Lessons Learned Launching a Side Project in 48 Hours - ingve
https://medium.com/learning-new-stuff/creating-a-two-sided-marketplace-in-two-days-4482dfc1ead8
======
myohan
Some ideas (take it with a grain of salt)

1) You should have a rating system for experts and award different level of
badges and users should write reviews also experts with high scores should
have a higher pay rate

2) interviewing experts is not going to scale not only you will not have the
time but you also need internal experts to interview the Become an expert"
applicants (you need some fast vetting process or rely on the rating system)

3) You should collect data from StackOverFlow and other sites and see which
questions novice folks are having a hard time getting answers to and try to
get experts on those topics (this could become your competitive advantage)

4) You can scale this to businesses - they would certainly appreciate the on-
demand help aspect of this thing.
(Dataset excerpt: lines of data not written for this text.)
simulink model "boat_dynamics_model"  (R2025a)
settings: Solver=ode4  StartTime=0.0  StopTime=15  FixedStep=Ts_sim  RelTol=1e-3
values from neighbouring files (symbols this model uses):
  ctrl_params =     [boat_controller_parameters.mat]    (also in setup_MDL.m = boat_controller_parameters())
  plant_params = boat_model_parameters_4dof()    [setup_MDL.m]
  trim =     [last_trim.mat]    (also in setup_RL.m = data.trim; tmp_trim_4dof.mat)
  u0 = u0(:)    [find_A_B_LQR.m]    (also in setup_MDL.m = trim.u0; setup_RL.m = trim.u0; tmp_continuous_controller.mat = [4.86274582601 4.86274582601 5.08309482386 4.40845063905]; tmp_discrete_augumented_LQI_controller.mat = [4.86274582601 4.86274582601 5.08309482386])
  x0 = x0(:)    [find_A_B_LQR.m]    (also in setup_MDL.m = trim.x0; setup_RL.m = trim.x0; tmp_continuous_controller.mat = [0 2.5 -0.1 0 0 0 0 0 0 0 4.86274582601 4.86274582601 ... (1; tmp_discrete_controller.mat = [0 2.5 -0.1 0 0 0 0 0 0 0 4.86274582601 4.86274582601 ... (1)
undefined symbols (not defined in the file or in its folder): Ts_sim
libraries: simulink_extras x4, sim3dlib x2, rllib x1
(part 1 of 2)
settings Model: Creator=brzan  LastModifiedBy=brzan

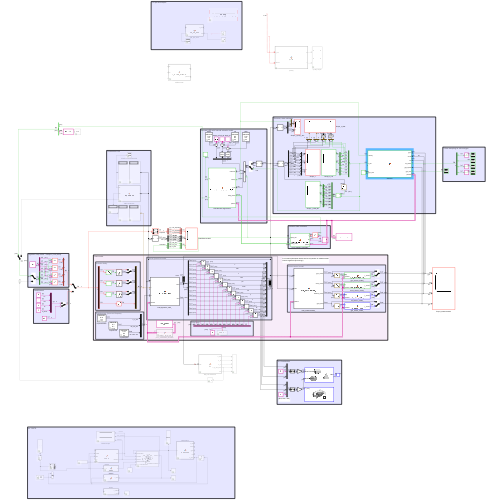
[thumbnail: Simulink's stored preview of the top-level diagram]
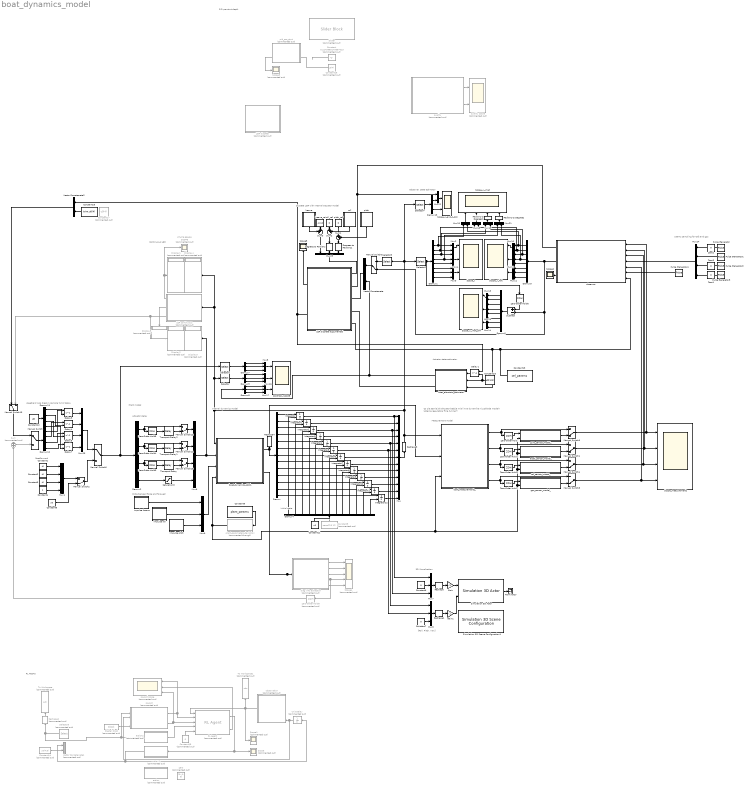
== system boat_dynamics_model ==
  note: 100ms sampling for tofs and gps
  note: Actuator state estimator
  note: PID per strut depth
  note: Plant model
  note: Actuator delay
  note: Algebraic loop break 1 sample (1ms) delay
  note: RL TESTS
  note: Observer, state estimator
  note: Co sie stanie jak aktuator bedzie mial inna dynamike niz zaklada model?
      | Uczenie regulatora (fine tuning?)
  note: Discrete LQR with Internal actuator model
  note: Continuous LQR
  note: Feedforward
  note: Measurement model
  note: Internal dynamics model
  note: Initial state
  note: Disturbances (force and forques)
  note: 3D Visualization
  note: [Roll, Pitch, Yaw]
  CONTROL SCOPE : Scope  NumInputPorts=3
      settings: ActiveDisplayYMinimum=-5.0548217064817056  ActiveDisplayYMaximum=7.8217886254018625  DataLoggingVariableName=ScopeAction
  Constant : Constant  Commented=on  Value=0.2275960170697013
  Constant1 : Constant  Value=-6
  Constant10 : Constant  Value=u0(1:3)  VectorParams1D=off
  Constant11 : Constant  Value=x0  VectorParams1D=off
  Constant12 : Constant  Value=u0  VectorParams1D=off
  Constant13 : Constant  Value=ctrl_params  VectorParams1D=off  OutDataTypeStr=Bus: ctrl_params_bus
  Constant14 : Constant  Commented=on  Value=u0(4:5)  VectorParams1D=off
  Constant15 : Constant  Commented=on  Value=0
  Constant16 : Constant  Commented=on  Value=u0(4)
  Constant17 : Constant  Commented=on  Value=u0(4)  VectorParams1D=off
  Constant18 : Constant  Value=trim.u0(4)  VectorParams1D=off
  Constant2 : Constant  Value=-6
  Constant3 : Constant  Value=-6
  Constant4 : Constant
  Constant5 : Constant  Commented=on  Value=zeros([13 1])  VectorParams1D=off
  Constant6 : Constant  Value=0
  Constant7 : Constant  Value=0
  Constant8 : Constant  Value=u0
  Constant9 : Constant  Value=plant_params  VectorParams1D=off  OutDataTypeStr=Bus: plant_params_bus
  Degrees to Radians : simulink_extras/Transformations/Degrees to Radians
  Degrees to Radians1 : simulink_extras/Transformations/Degrees to Radians
  Delay{1,3..5,7} (5 alike) : Delay  DelayLength=1  InitialConditionSource=Input port  SampleTime=Ts_sim
      settings: InputPortMap=u0,p4
  Demux : Demux  Outputs=13
  Demux1 : Demux  Outputs=8
  Demux11 : Demux
  Demux12 : Demux
  Demux13 : Demux  Outputs=2
  Demux2 : Demux
  Demux3 : Demux  Outputs=3
  Demux4 : Demux  Outputs=13
  Demux5 : Demux  Outputs=8
  Demux6 : Demux  Outputs=8
  Demux7 : Demux  Outputs=3
  Demux8 : Demux  Outputs=3
  Digital Clock : DigitalClock  Commented=on  SampleTime=0.01
  Display{1..5} (5 alike) : Display  Commented=on
  Gain : Gain  Gain=-1
  Gain1 : Gain  Gain=-1
  Impulse heave : Subsystem  mask{start=10, duration=2, amplitude=0}
      mask prompts: start "Start time"; duration "Duration time"; amplitude "Impulse amplitude"
      mask Display:
      | disp([ ...
      |     "IMPULSE"; ...
      |     'S ', ...
      |     num2str(get_param(gcb, 'start')); ...
      |     'D ', ...
      |     num2str(get_param(gcb, "duration")); ...
      |     'A ', ...
      |     num2str(get_param(gcb, "amplitude")) ...
      | ]);
  Impulse pitch : Subsystem  mask{start=10, duration=2, amplitude=0}
      mask prompts: start "Start time"; duration "Duration time"; amplitude "Impulse amplitude"
      mask Display:
      | disp([ ...
      |     "IMPULSE"; ...
      |     'S ', ...
      |     num2str(get_param(gcb, 'start')); ...
      |     'D ', ...
      |     num2str(get_param(gcb, "duration")); ...
      |     'A ', ...
      |     num2str(get_param(gcb, "amplitude")) ...
      | ]);
  Impulse roll : Subsystem  mask{start=3, duration=7, amplitude=0.5}
      mask prompts: start "Start time"; duration "Duration time"; amplitude "Impulse amplitude"
      mask Display:
      | disp([ ...
      |     "IMPULSE"; ...
      |     'S ', ...
      |     num2str(get_param(gcb, 'start')); ...
      |     'D ', ...
      |     num2str(get_param(gcb, "duration")); ...
      |     'A ', ...
      |     num2str(get_param(gcb, "amplitude")) ...
      | ]);
  Integrator : Integrator  InitialConditionSource=external  InitialCondition=-0.11
  Integrator{1,3..12} (11 alike) : Integrator  InitialConditionSource=external
  Integrator2 : Integrator  InitialConditionSource=external  InitialCondition=deg2rad(3)
  LQR continuous : MATLAB Function  Commented=on  TreatAsAtomicUnit=on
  LQR discrete : MATLAB Function  Commented=on  TreatAsAtomicUnit=on  SystemSampleTime=ctrl_params.Ts
  LQR discrete augumented : MATLAB Function  TreatAsAtomicUnit=on  SystemSampleTime=ctrl_params.Ts
  Manual Switch : ManualSwitch
  Manual Switch{1..5,8,10..12} (9 alike) : ManualSwitch  CurrentSetting=0
  Manual Switch13 : ManualSwitch
  Manual Switch6 : ManualSwitch
  Mux : Mux  Inputs=13
  Mux{1,6,23..24} (4 alike) : Mux
  Mux{2,10,13,18..22} (8 alike) : Mux  Inputs=2
  Mux{3..5,7..9,11..12,14..17,25} (13 alike) : Mux  Inputs=3
  Pulse Generator{,1..4} (5 alike) : DiscretePulseGenerator  Period=10  SampleTime=ctrl_params.Ts
  RL Agent : rllib/RL Agent  Commented=on  Agent=agentObj  ExternalActionAsInput=on  ProvideLastAction=off  ProvideCumRwd=on  TreatAsDirectFeedthrough=on  UseStrictObservationDataTypes=off
  Radians to Degrees : simulink_extras/Transformations/Radians to Degrees
  Radians to Degrees1 : simulink_extras/Transformations/Radians to Degrees
  Reshape : Reshape  OutputDimensionality=Row vector (2-D)
  Reshape1 : Reshape  OutputDimensionality=Row vector (2-D)
  Reshape2 : Reshape  Commented=on
  Reshape3 : Reshape  OutputDimensionality=Column vector (2-D)
  Reshape4 : Reshape  OutputDimensionality=Column vector (2-D)
  STATE ERROR SCOPE : Scope  Commented=on
      settings: ActiveDisplayYMinimum=-0.17004569092279864  ActiveDisplayYMaximum=0.25579071640803624  DataLoggingVariableName=ScopeData3
  Saturation3 : Saturate  UpperLimit=20  LowerLimit=0
  Scope : Scope  Commented=on
      settings: ActiveDisplayYMinimum=-2.4199088465030929  ActiveDisplayYMaximum=1.3794615097714347  DataLoggingVariableName=ScopeData2
  Scope1 : Scope  Commented=on
      settings: ActiveDisplayYMinimum=0.99404961030066707  ActiveDisplayYMaximum=1.0007752200523612  DataLoggingVariableName=ScopeData4
  Scope2 : Scope
      settings: ActiveDisplayYMinimum=-7.4600755666939691E-5  ActiveDisplayYMaximum=0.00062285522635525655  DataLoggingVariableName=ScopeData11
  Scope3 : Scope  Commented=on
      settings: ActiveDisplayYMinimum=-0.14108639149516483  ActiveDisplayYMaximum=0.0051605981146346652  DataLoggingVariableName=ScopeData12
  Scope4 : Scope  Commented=on  NumInputPorts=5
      settings: ActiveDisplayYMinimum=-0.58327189745525043  ActiveDisplayYMaximum=0.17485807514493268  DataLoggingVariableName=ScopeData13
  Scope5 : Scope
      settings: ActiveDisplayYMinimum=-0.22138752196784806  ActiveDisplayYMaximum=0.42850292012780228  DataLoggingVariableName=ScopeData6
  Scope_measurements : Scope  NumInputPorts=4
      settings: ActiveDisplayString=4  ActiveDisplayYMinimum=0.421125  ActiveDisplayYMaximum=2.9298750000000005
  Scope_x : Scope  NumInputPorts=3
      settings: ActiveDisplayYMinimum=-0.13106117710441487  ActiveDisplayYMaximum=0.06992887382000551
  Scope_x_and_z_dot : Scope  NumInputPorts=2
      settings: ActiveDisplayYMinimum=0.30889257492581745  ActiveDisplayYMaximum=2.8807711117217907  DataLoggingVariableName=ScopeData10
  Scope_x_hat : Scope  NumInputPorts=3
      settings: ActiveDisplayYMinimum=-0.12339067146341488  ActiveDisplayYMaximum=0.04600825658737881  DataLoggingVariableName=ScopeObservation
  Scope_x_xhat : Scope  NumInputPorts=4
      settings: ActiveDisplayYMinimum=-0.10922860786142216  ActiveDisplayYMaximum=-0.0926378252846192  DataLoggingVariableName=ScopeData7
  Scope_x_xhat_diff : Scope  NumInputPorts=3
      settings: ActiveDisplayYMinimum=-0.017709281074984293  ActiveDisplayYMaximum=0.023978409304645298  DataLoggingVariableName=ScopeData5
  Selector : Selector  InputPortWidth=13  IndexOptions=Index vector (dialog)  Indices=[11 12 13]  OutputSizes=1
  Selector1 : Selector  InputPortWidth=4  IndexOptions=Index vector (dialog)  Indices=[1 2 3]  OutputSizes=1
  Selector2 : Selector  InputPortWidth=13  IndexOptions=Index vector (dialog)  Indices=[3 4 5 6 7 8 9 10]  OutputSizes=1
  Selector3 : Selector  InputPortWidth=13  IndexOptions=Index vector (dialog)  Indices=[3 4 5 6 7 8 9 10]  OutputSizes=1
  Selector5 : Selector  Commented=on  InputPortWidth=5  IndexOptions=Index vector (dialog)  Indices=[1 2 3]  OutputSizes=1
  Selector7 : Selector  InputPortWidth=13  IndexOptions=Index vector (dialog)  Indices="[ 2  4 ]"  OutputSizes=1
  Simulation 3D Actor : sim3dlib/Simulation 3D Actor  Priority=1  ActorName=Boat  ParentName=Scene Origin  Operation=Create at setup  InitScriptText=|  SampleTime=-1  Translation=[0 0 0]  Rotation=[0 0 0]  Scale=[1 1 1]/1000  InputsText=Boat.Translation Boat.Rotation  aMode=5  ActorTag=Boat  ActorType=Sim3dActor  ID=C
      | % Reserved keywords:
      | % - Actor : handle to this actor object
      | % - World : handle to the world object
      | 
      | % Examples:
      | 
      | % Create a primitive geometry (optional)
      | % createShape(Actor, 'box', [1 1 1]);
      | 
      | % Initialize values (optional)
      | % Actor.Physics = true;
      | % Actor.Color = [1 0 0];
  Simulation 3D Scene Configuration1 : sim3dlib/Simulation 3D Scene Configuration  Priority=0  ProjectFormat=Default Scenes  SceneDesc=Open surface  ProjectName=C:\Program Files\MATLAB\R2025a\toolbox\shared\sim3d_projects\automotive_project_windows\UE\WindowsNoEditor\VehicleSimulation.exe  ScenePath=/Game/Maps/HwStrght  EnableOpenDRIVE=off  vehTagList={'Boat';'Custom';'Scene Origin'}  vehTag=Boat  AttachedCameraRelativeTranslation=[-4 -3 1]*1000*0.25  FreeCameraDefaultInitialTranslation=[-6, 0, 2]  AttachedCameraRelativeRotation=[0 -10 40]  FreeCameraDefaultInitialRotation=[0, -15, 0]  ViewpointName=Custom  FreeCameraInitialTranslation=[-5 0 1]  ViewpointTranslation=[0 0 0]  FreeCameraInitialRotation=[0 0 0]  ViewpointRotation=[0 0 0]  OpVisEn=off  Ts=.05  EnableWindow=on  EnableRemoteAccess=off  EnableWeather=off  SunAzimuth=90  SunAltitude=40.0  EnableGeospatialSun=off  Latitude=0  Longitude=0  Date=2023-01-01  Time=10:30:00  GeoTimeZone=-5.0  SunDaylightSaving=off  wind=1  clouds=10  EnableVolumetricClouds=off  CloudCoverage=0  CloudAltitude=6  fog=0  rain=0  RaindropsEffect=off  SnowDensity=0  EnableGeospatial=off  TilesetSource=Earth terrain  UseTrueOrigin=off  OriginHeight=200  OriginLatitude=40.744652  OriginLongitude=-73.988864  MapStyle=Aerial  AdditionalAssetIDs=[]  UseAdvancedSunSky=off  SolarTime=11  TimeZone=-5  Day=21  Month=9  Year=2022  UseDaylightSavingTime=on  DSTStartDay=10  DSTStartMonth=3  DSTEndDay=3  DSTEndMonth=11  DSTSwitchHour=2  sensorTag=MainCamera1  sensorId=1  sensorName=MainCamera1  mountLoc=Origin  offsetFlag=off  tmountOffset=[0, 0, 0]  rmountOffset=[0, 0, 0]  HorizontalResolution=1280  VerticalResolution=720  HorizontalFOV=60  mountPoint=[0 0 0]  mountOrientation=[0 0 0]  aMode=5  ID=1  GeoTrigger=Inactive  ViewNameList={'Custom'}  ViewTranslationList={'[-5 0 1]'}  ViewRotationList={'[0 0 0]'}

Businesses specially small ones may have
support account subscriptions with vendors like Red Hat, IBM, etc...which can
be costly for them. If your experts are reliable they would rather pay you
only when they need help instead of paying the vendors monthly/yearly.

5) As your experts are working the problems you should keep a very organized
knowledge base of the issue and resolution (maybe you can monetize this data
later on or it maybe useful somehow)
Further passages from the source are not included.